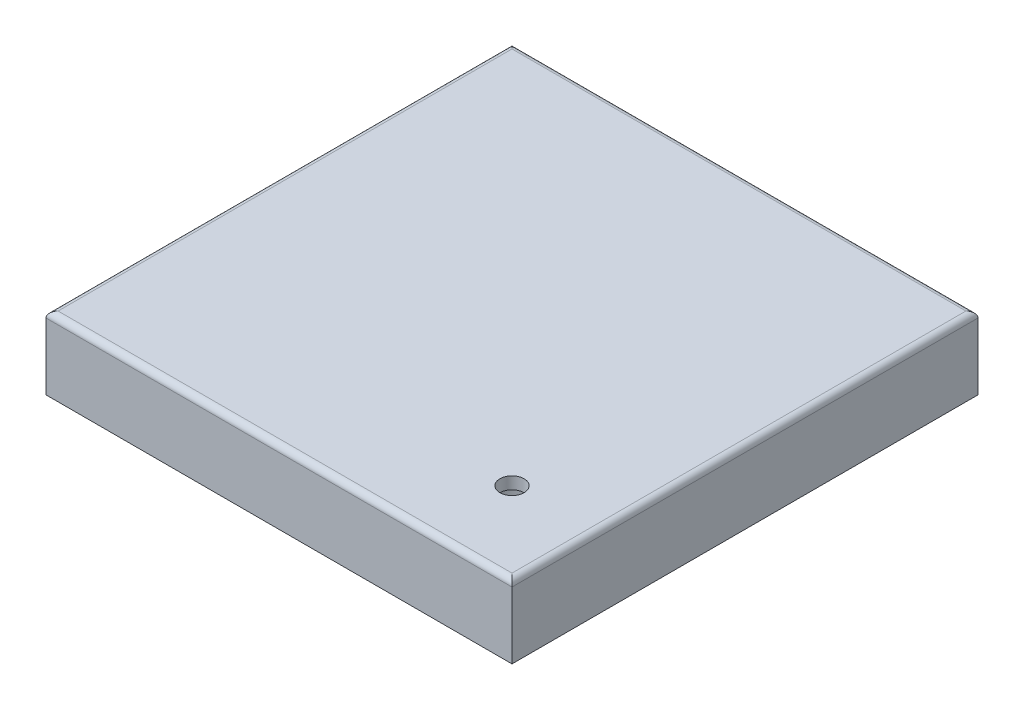
ISO-10303-21;
HEADER;
FILE_DESCRIPTION(('STEP AP214'),'2;1');
FILE_NAME('part.step','',(''),(''),'','','');
FILE_SCHEMA(('AUTOMOTIVE_DESIGN { 1 0 10303 214 1 1 1 1 }'));
ENDSEC;
DATA;
#1=APPLICATION_CONTEXT('core data for automotive mechanical design processes');
#2=APPLICATION_PROTOCOL_DEFINITION('international standard','automotive_design',2000,#1);
#3=PRODUCT_CONTEXT('',#1,'mechanical');
#4=PRODUCT('Part','Part','',(#3));
#5=PRODUCT_RELATED_PRODUCT_CATEGORY('part','',(#4));
#6=PRODUCT_DEFINITION_FORMATION('','',#4);
#7=PRODUCT_DEFINITION_CONTEXT('part definition',#1,'design');
#8=PRODUCT_DEFINITION('design','',#6,#7);
#9=PRODUCT_DEFINITION_SHAPE('','',#8);
#10=(LENGTH_UNIT() NAMED_UNIT(*) SI_UNIT(.MILLI.,.METRE.));
#11=(NAMED_UNIT(*) PLANE_ANGLE_UNIT() SI_UNIT($,.RADIAN.));
#12=(NAMED_UNIT(*) SI_UNIT($,.STERADIAN.) SOLID_ANGLE_UNIT());
#13=UNCERTAINTY_MEASURE_WITH_UNIT(LENGTH_MEASURE(1.E-05),#10,'distance_accuracy_value','');
#14=(GEOMETRIC_REPRESENTATION_CONTEXT(3) GLOBAL_UNCERTAINTY_ASSIGNED_CONTEXT((#13)) GLOBAL_UNIT_ASSIGNED_CONTEXT((#10,
#11,#12)) REPRESENTATION_CONTEXT('',''));
#15=CARTESIAN_POINT('',(0.,0.,0.));
#16=DIRECTION('',(0.,0.,1.));
#17=DIRECTION('',(1.,0.,0.));
#18=AXIS2_PLACEMENT_3D('',#15,#16,#17);
#19=CARTESIAN_POINT('',(23.9999999999999,-13.,-58.0543320314029));
#20=DIRECTION('',(0.,0.,1.));
#21=DIRECTION('',(1.,0.,0.));
#22=AXIS2_PLACEMENT_3D('',#19,#20,#21);
#23=PLANE('',#22);
#24=DIRECTION('',(0.,1.,0.));
#25=VECTOR('',#24,1.);
#26=CARTESIAN_POINT('',(23.9999999999999,-13.,-58.0543320314029));
#27=LINE('',#26,#25);
#28=CARTESIAN_POINT('',(23.9999999999999,-13.,-58.0543320314029));
#29=VERTEX_POINT('',#28);
#30=CARTESIAN_POINT('',(23.9999999999999,-10.,-58.0543320314029));
#31=VERTEX_POINT('',#30);
#32=EDGE_CURVE('E202',#29,#31,#27,.T.);
#33=ORIENTED_EDGE('',*,*,#32,.T.);
#34=DIRECTION('',(-1.,0.,0.));
#35=VECTOR('',#34,1.);
#36=CARTESIAN_POINT('',(-42.0000000000001,-10.,-58.0543320314029));
#37=LINE('',#36,#35);
#38=CARTESIAN_POINT('',(-17.0000000000001,-10.,-58.0543320314029));
#39=VERTEX_POINT('',#38);
#40=EDGE_CURVE('E78',#31,#39,#37,.T.);
#41=ORIENTED_EDGE('',*,*,#40,.T.);
#42=DIRECTION('',(0.,1.,0.));
#43=VECTOR('',#42,1.);
#44=CARTESIAN_POINT('',(-17.0000000000001,-13.,-58.0543320314029));
#45=LINE('',#44,#43);
#46=CARTESIAN_POINT('',(-17.0000000000001,-13.,-58.0543320314029));
#47=VERTEX_POINT('',#46);
#48=EDGE_CURVE('E167',#47,#39,#45,.T.);
#49=ORIENTED_EDGE('',*,*,#48,.F.);
#50=DIRECTION('',(1.,0.,0.));
#51=VECTOR('',#50,1.);
#52=CARTESIAN_POINT('',(23.9999999999999,-13.,-58.0543320314029));
#53=LINE('',#52,#51);
#54=EDGE_CURVE('E177',#47,#29,#53,.T.);
#55=ORIENTED_EDGE('',*,*,#54,.T.);
#56=EDGE_LOOP('',(#33,#41,#49,#55));
#57=FACE_BOUND('',#56,.T.);
#58=ADVANCED_FACE('F68',(#57),#23,.T.);
#59=CARTESIAN_POINT('',(0.,-13.,0.));
#60=DIRECTION('',(0.,-1.,0.));
#61=DIRECTION('',(0.,0.,-1.));
#62=AXIS2_PLACEMENT_3D('',#59,#60,#61);
#63=PLANE('',#62);
#64=DIRECTION('',(0.,0.,-1.));
#65=VECTOR('',#64,1.);
#66=CARTESIAN_POINT('',(-17.0000000000001,-13.,-53.5543320314029));
#67=LINE('',#66,#65);
#68=CARTESIAN_POINT('',(-17.0000000000001,-13.,-60.0543320314029));
#69=VERTEX_POINT('',#68);
#70=EDGE_CURVE('E163',#47,#69,#67,.T.);
#71=ORIENTED_EDGE('',*,*,#70,.T.);
#72=DIRECTION('',(1.,0.,0.));
#73=VECTOR('',#72,1.);
#74=CARTESIAN_POINT('',(25.9999999999999,-13.,-60.0543320314029));
#75=LINE('',#74,#73);
#76=CARTESIAN_POINT('',(25.9999999999999,-13.,-60.0543320314029));
#77=VERTEX_POINT('',#76);
#78=EDGE_CURVE('E210',#69,#77,#75,.T.);
#79=ORIENTED_EDGE('',*,*,#78,.T.);
#80=DIRECTION('',(0.,0.,1.));
#81=VECTOR('',#80,1.);
#82=CARTESIAN_POINT('',(25.9999999999999,-13.,-60.0543320314029));
#83=LINE('',#82,#81);
#84=CARTESIAN_POINT('',(25.9999999999999,-13.,9.94566796859713));
#85=VERTEX_POINT('',#84);
#86=EDGE_CURVE('E215',#77,#85,#83,.T.);
#87=ORIENTED_EDGE('',*,*,#86,.T.);
#88=DIRECTION('',(-1.,0.,0.));
#89=VECTOR('',#88,1.);
#90=CARTESIAN_POINT('',(25.9999999999999,-13.,9.94566796859713));
#91=LINE('',#90,#89);
#92=CARTESIAN_POINT('',(-44.0000000000001,-13.,9.94566796859712));
#93=VERTEX_POINT('',#92);
#94=EDGE_CURVE('E217',#85,#93,#91,.T.);
#95=ORIENTED_EDGE('',*,*,#94,.T.);
#96=DIRECTION('',(0.,0.,-1.));
#97=VECTOR('',#96,1.);
#98=CARTESIAN_POINT('',(-44.0000000000001,-13.,-60.0543320314029));
#99=LINE('',#98,#97);
#100=CARTESIAN_POINT('',(-44.0000000000001,-13.,-60.0543320314029));
#101=VERTEX_POINT('',#100);
#102=EDGE_CURVE('E207',#93,#101,#99,.T.);
#103=ORIENTED_EDGE('',*,*,#102,.T.);
#104=CARTESIAN_POINT('',(-32.0000000000001,-13.,-60.0543320314029));
#105=VERTEX_POINT('',#104);
#106=EDGE_CURVE('E212',#101,#105,#75,.T.);
#107=ORIENTED_EDGE('',*,*,#106,.T.);
#108=DIRECTION('',(0.,0.,-1.));
#109=VECTOR('',#108,1.);
#110=CARTESIAN_POINT('',(-32.0000000000001,-13.,-53.5543320314029));
#111=LINE('',#110,#109);
#112=CARTESIAN_POINT('',(-32.0000000000001,-13.,-58.0543320314029));
#113=VERTEX_POINT('',#112);
#114=EDGE_CURVE('E174',#113,#105,#111,.T.);
#115=ORIENTED_EDGE('',*,*,#114,.F.);
#116=CARTESIAN_POINT('',(-42.0000000000001,-13.,-58.0543320314029));
#117=VERTEX_POINT('',#116);
#118=EDGE_CURVE('E187',#117,#113,#53,.T.);
#119=ORIENTED_EDGE('',*,*,#118,.F.);
#120=DIRECTION('',(0.,0.,-1.));
#121=VECTOR('',#120,1.);
#122=CARTESIAN_POINT('',(-42.0000000000001,-13.,-58.0543320314029));
#123=LINE('',#122,#121);
#124=CARTESIAN_POINT('',(-42.0000000000001,-13.,7.94566796859712));
#125=VERTEX_POINT('',#124);
#126=EDGE_CURVE('E188',#125,#117,#123,.T.);
#127=ORIENTED_EDGE('',*,*,#126,.F.);
#128=DIRECTION('',(-1.,0.,0.));
#129=VECTOR('',#128,1.);
#130=CARTESIAN_POINT('',(23.9999999999999,-13.,7.94566796859712));
#131=LINE('',#130,#129);
#132=CARTESIAN_POINT('',(23.9999999999999,-13.,7.94566796859712));
#133=VERTEX_POINT('',#132);
#134=EDGE_CURVE('E195',#133,#125,#131,.T.);
#135=ORIENTED_EDGE('',*,*,#134,.F.);
#136=DIRECTION('',(0.,0.,1.));
#137=VECTOR('',#136,1.);
#138=CARTESIAN_POINT('',(23.9999999999999,-13.,-58.0543320314029));
#139=LINE('',#138,#137);
#140=EDGE_CURVE('E186',#29,#133,#139,.T.);
#141=ORIENTED_EDGE('',*,*,#140,.F.);
#142=ORIENTED_EDGE('',*,*,#54,.F.);
#143=EDGE_LOOP('',(#71,#79,#87,#95,#103,#107,#115,#119,#127,#135,#141,#142));
#144=FACE_BOUND('',#143,.T.);
#145=ADVANCED_FACE('F183',(#144),#63,.T.);
#146=CARTESIAN_POINT('',(-44.0000000000001,-13.,-60.0543320314029));
#147=DIRECTION('',(1.,0.,0.));
#148=DIRECTION('',(0.,0.,-1.));
#149=AXIS2_PLACEMENT_3D('',#146,#147,#148);
#150=PLANE('',#149);
#151=DIRECTION('',(0.,0.,-1.));
#152=VECTOR('',#151,1.);
#153=CARTESIAN_POINT('',(-44.0000000000001,-8.,-60.0543320314029));
#154=LINE('',#153,#152);
#155=CARTESIAN_POINT('',(-44.0000000000001,-8.,9.94566796859712));
#156=VERTEX_POINT('',#155);
#157=CARTESIAN_POINT('',(-44.0000000000001,-8.,-60.0543320314029));
#158=VERTEX_POINT('',#157);
#159=EDGE_CURVE('E206',#156,#158,#154,.T.);
#160=ORIENTED_EDGE('',*,*,#159,.T.);
#161=DIRECTION('',(0.,1.,0.));
#162=VECTOR('',#161,1.);
#163=CARTESIAN_POINT('',(-44.0000000000001,-13.,-60.0543320314029));
#164=LINE('',#163,#162);
#165=EDGE_CURVE('E236',#101,#158,#164,.T.);
#166=ORIENTED_EDGE('',*,*,#165,.F.);
#167=ORIENTED_EDGE('',*,*,#102,.F.);
#168=DIRECTION('',(0.,1.,0.));
#169=VECTOR('',#168,1.);
#170=CARTESIAN_POINT('',(-44.0000000000001,-13.,9.94566796859712));
#171=LINE('',#170,#169);
#172=EDGE_CURVE('E219',#93,#156,#171,.T.);
#173=ORIENTED_EDGE('',*,*,#172,.T.);
#174=EDGE_LOOP('',(#160,#166,#167,#173));
#175=FACE_BOUND('',#174,.T.);
#176=ADVANCED_FACE('F300',(#175),#150,.F.);
#177=CARTESIAN_POINT('',(25.9999999999999,-13.,-60.0543320314029));
#178=DIRECTION('',(0.,0.,1.));
#179=DIRECTION('',(1.,0.,0.));
#180=AXIS2_PLACEMENT_3D('',#177,#178,#179);
#181=PLANE('',#180);
#182=ORIENTED_EDGE('',*,*,#78,.F.);
#183=DIRECTION('',(0.,1.,0.));
#184=VECTOR('',#183,1.);
#185=CARTESIAN_POINT('',(-17.0000000000001,-13.,-60.0543320314029));
#186=LINE('',#185,#184);
#187=CARTESIAN_POINT('',(-17.0000000000001,-10.,-60.0543320314029));
#188=VERTEX_POINT('',#187);
#189=EDGE_CURVE('E170',#69,#188,#186,.T.);
#190=ORIENTED_EDGE('',*,*,#189,.T.);
#191=DIRECTION('',(-1.,0.,0.));
#192=VECTOR('',#191,1.);
#193=CARTESIAN_POINT('',(25.9999999999999,-10.,-60.0543320314029));
#194=LINE('',#193,#192);
#195=CARTESIAN_POINT('',(-32.0000000000001,-10.,-60.0543320314029));
#196=VERTEX_POINT('',#195);
#197=EDGE_CURVE('E284',#188,#196,#194,.T.);
#198=ORIENTED_EDGE('',*,*,#197,.T.);
#199=DIRECTION('',(0.,-1.,0.));
#200=VECTOR('',#199,1.);
#201=CARTESIAN_POINT('',(-32.0000000000001,-13.,-60.0543320314029));
#202=LINE('',#201,#200);
#203=EDGE_CURVE('E282',#196,#105,#202,.T.);
#204=ORIENTED_EDGE('',*,*,#203,.T.);
#205=ORIENTED_EDGE('',*,*,#106,.F.);
#206=ORIENTED_EDGE('',*,*,#165,.T.);
#207=DIRECTION('',(1.,0.,0.));
#208=VECTOR('',#207,1.);
#209=CARTESIAN_POINT('',(25.9999999999999,-8.,-60.0543320314029));
#210=LINE('',#209,#208);
#211=CARTESIAN_POINT('',(25.9999999999999,-8.,-60.0543320314029));
#212=VERTEX_POINT('',#211);
#213=EDGE_CURVE('E222',#158,#212,#210,.T.);
#214=ORIENTED_EDGE('',*,*,#213,.T.);
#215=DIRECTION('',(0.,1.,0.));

____

WHAT YOU WILL DO — Could you transcribe the entries above word for word, from the line with "#167=ORIENTED_EDGE('',*,*,#102,.F.);" down to the line with "#184=VECTOR('',#183,1.);", keeping both?

ANSWER AREA —
#167=ORIENTED_EDGE('',*,*,#102,.F.);
#168=DIRECTION('',(0.,1.,0.));
#169=VECTOR('',#168,1.);
#170=CARTESIAN_POINT('',(-44.0000000000001,-13.,9.94566796859712));
#171=LINE('',#170,#169);
#172=EDGE_CURVE('E219',#93,#156,#171,.T.);
#173=ORIENTED_EDGE('',*,*,#172,.T.);
#174=EDGE_LOOP('',(#160,#166,#167,#173));
#175=FACE_BOUND('',#174,.T.);
#176=ADVANCED_FACE('F300',(#175),#150,.F.);
#177=CARTESIAN_POINT('',(25.9999999999999,-13.,-60.0543320314029));
#178=DIRECTION('',(0.,0.,1.));
#179=DIRECTION('',(1.,0.,0.));
#180=AXIS2_PLACEMENT_3D('',#177,#178,#179);
#181=PLANE('',#180);
#182=ORIENTED_EDGE('',*,*,#78,.F.);
#183=DIRECTION('',(0.,1.,0.));
#184=VECTOR('',#183,1.);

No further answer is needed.